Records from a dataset

• • • •

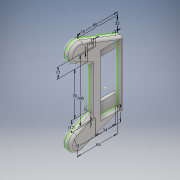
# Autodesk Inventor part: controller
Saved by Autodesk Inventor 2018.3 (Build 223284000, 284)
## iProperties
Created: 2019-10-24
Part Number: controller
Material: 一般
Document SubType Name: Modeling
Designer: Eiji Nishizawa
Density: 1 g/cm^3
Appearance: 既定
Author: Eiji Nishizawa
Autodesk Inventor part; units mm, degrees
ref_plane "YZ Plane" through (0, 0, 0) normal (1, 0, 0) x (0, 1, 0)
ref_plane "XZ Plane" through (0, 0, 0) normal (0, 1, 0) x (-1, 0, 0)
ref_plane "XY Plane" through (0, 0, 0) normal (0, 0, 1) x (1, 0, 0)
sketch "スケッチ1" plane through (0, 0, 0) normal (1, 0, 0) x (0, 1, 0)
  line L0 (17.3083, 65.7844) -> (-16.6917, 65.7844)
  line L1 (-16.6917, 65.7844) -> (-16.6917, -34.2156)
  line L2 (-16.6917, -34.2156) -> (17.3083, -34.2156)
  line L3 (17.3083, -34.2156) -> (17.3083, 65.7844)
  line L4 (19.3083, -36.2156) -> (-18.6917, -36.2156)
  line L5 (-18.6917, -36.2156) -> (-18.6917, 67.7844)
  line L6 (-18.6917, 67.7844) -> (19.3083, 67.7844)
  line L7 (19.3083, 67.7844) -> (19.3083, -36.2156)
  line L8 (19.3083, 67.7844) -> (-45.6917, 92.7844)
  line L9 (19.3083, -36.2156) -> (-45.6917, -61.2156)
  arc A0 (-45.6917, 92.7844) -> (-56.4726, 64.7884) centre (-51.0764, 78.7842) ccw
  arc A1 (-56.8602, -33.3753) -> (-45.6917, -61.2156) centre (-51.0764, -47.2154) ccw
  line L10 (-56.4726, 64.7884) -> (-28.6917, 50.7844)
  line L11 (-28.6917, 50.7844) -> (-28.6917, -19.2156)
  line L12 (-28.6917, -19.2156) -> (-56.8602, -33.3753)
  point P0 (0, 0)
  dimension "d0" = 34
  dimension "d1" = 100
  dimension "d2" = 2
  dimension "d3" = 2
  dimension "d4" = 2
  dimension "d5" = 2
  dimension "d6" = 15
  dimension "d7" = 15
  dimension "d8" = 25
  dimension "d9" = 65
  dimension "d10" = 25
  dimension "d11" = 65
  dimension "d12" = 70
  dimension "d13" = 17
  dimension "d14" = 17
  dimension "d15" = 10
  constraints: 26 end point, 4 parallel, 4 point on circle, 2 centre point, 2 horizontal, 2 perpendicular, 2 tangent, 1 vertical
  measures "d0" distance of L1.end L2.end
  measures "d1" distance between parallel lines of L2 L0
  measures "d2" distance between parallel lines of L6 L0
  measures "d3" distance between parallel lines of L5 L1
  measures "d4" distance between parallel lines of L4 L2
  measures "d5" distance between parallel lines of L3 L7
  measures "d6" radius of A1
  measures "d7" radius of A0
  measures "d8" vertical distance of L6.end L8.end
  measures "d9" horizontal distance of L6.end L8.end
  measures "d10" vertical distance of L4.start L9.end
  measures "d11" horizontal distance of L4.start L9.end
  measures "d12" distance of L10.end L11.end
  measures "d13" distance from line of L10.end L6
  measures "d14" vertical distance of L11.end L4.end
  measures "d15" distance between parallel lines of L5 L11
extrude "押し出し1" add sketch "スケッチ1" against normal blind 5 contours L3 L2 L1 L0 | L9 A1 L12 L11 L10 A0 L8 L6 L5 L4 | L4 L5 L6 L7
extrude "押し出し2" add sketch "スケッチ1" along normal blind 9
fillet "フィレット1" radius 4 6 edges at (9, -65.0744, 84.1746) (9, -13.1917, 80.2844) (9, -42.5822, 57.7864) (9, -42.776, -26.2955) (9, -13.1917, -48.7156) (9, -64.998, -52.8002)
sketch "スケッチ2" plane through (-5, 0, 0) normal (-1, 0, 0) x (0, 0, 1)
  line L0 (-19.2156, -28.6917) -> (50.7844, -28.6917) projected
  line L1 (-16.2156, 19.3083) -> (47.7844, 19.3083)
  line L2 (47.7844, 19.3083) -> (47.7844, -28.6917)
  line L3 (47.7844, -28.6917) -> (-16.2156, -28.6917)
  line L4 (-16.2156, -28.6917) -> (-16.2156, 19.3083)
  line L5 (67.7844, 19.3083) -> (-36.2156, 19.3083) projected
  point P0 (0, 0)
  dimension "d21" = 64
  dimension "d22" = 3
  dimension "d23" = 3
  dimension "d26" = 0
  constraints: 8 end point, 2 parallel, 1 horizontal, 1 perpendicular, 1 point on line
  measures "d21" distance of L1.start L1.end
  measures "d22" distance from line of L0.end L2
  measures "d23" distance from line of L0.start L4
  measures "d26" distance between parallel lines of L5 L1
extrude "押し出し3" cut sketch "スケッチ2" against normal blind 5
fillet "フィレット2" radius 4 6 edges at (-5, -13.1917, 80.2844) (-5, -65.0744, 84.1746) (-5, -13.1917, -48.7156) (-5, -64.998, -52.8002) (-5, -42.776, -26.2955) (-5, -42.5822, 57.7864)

• • • •

**Problem description:** Each line above where the word "Autodesk" occurs should be returned in full.

**Response box:**
# Autodesk Inventor part: controller
Saved by Autodesk Inventor 2018.3 (Build 223284000, 284)
Autodesk Inventor part; units mm, degrees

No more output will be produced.